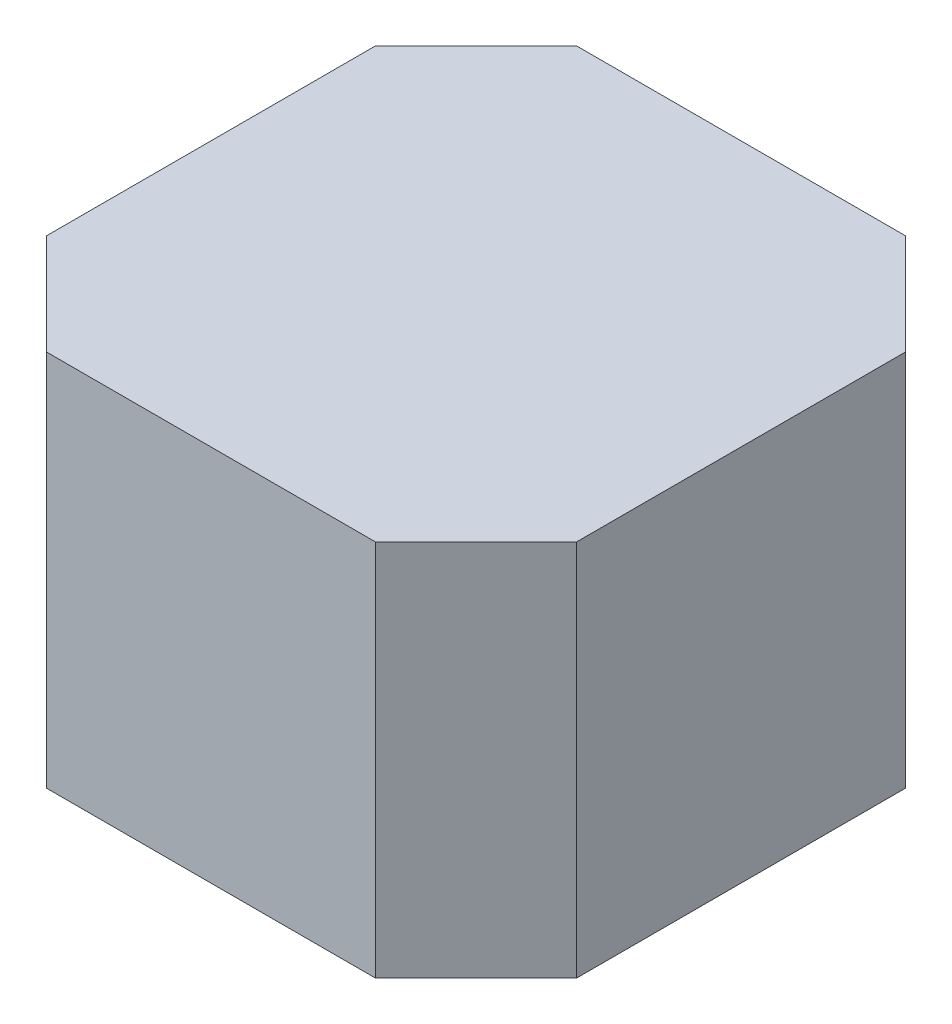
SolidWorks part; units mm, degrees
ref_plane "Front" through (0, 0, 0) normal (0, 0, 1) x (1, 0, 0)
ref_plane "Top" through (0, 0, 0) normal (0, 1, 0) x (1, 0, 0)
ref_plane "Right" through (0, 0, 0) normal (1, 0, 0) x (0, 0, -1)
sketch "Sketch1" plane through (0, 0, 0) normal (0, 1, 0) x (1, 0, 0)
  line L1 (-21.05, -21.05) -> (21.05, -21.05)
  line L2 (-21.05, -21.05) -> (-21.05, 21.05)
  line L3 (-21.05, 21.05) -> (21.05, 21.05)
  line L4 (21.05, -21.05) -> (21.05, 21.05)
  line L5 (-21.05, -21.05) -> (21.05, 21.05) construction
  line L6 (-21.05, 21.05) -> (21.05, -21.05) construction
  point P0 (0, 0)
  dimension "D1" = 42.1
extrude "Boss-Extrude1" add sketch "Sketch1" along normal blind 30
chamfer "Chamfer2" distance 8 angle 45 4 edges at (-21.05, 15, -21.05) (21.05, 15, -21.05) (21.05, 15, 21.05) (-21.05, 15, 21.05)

_Instructions to follow_
Return only this span, exactly: the line that contains "line L4 (21.05, -21.05) -> (21.05, 21.05)" and all lines after it to the end of the records.

_Expected answer_
  line L4 (21.05, -21.05) -> (21.05, 21.05)
  line L5 (-21.05, -21.05) -> (21.05, 21.05) construction
  line L6 (-21.05, 21.05) -> (21.05, -21.05) construction
  point P0 (0, 0)
  dimension "D1" = 42.1
extrude "Boss-Extrude1" add sketch "Sketch1" along normal blind 30
chamfer "Chamfer2" distance 8 angle 45 4 edges at (-21.05, 15, -21.05) (21.05, 15, -21.05) (21.05, 15, 21.05) (-21.05, 15, 21.05)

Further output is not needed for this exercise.